[RECORDS FOR THE EXERCISE]:
- - - - -
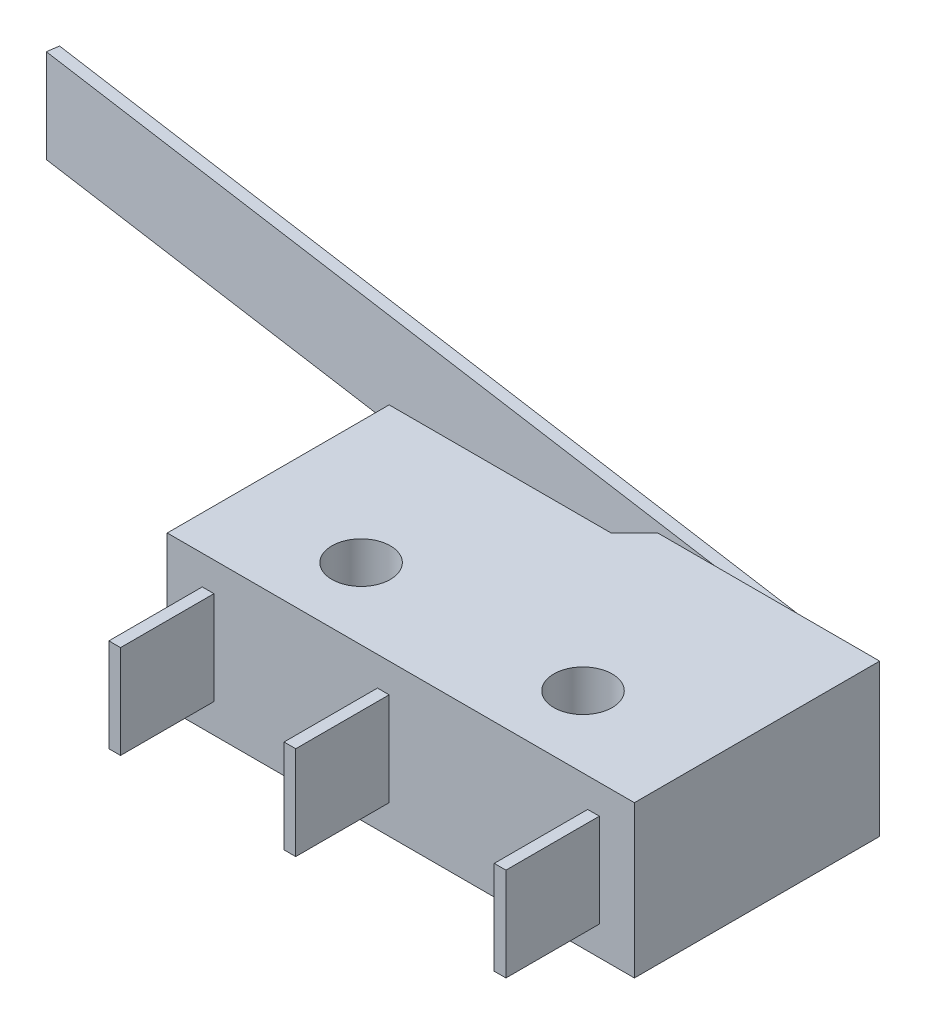
from build123d import *

# Parameters (mm, degrees)
BOSS_EXTRUDE1_DEPTH = 3.25
SKETCH2_W           = 0.5
SKETCH2_H           = 4
BOSS_EXTRUDE2_DEPTH = 2
SKETCH3_R           = 1.25
CUT_EXTRUDE1_DEPTH  = 14


with BuildPart() as part:
    # Sketch1 → Boss-Extrude1 (new, symmetric)
    with BuildSketch(Plane(origin=(0, 0, 0), x_dir=(1, 0, 0), z_dir=(0, 1, 0))):
        Polygon((0, 9.5), (9.5, 9.5), (10.5, 10.5), (20, 10.5), (20, 0), (0, 0), align=None)
    extrude(amount=BOSS_EXTRUDE1_DEPTH, both=True)

    # Sketch2 → Boss-Extrude2 (add, symmetric)
    with BuildSketch(Plane(origin=(0, 0, 0), x_dir=(1, 0, 0), z_dir=(0, 1, 0))):
        Polygon((17, 10.5), (17, 11.5), (-21.610231805, 17), (-21.680744625, 16.504997028), (16.5, 11.066177171), (16.5, 10.5), align=None)
        with Locations((18.25, -2)):
            Rectangle(SKETCH2_W, SKETCH2_H)
        with Locations((9.25, -2)):
            Rectangle(SKETCH2_W, SKETCH2_H)
        with Locations((1.75, -2)):
            Rectangle(SKETCH2_W, SKETCH2_H)
    extrude(amount=BOSS_EXTRUDE2_DEPTH, both=True)

    # Sketch3 → Cut-Extrude1 (cut)
    with BuildSketch(Plane(origin=(0, 3.25, 0), x_dir=(1, 0, 0), z_dir=(0, 1, 0))):
        with Locations(Location((5.25, 3.05, 0), (0, 0, 270))):
            Circle(SKETCH3_R)
        with Locations(Location((14.75, 3.05, 0), (0, 0, 270))):
            Circle(SKETCH3_R)
    extrude(amount=-CUT_EXTRUDE1_DEPTH, mode=Mode.SUBTRACT)


solid = part.part
- - - - -
[TASK GOAL]: Count each line of the material that includes "Polygon", and reply with only the count.

[REPLY TO THE TASK]: 2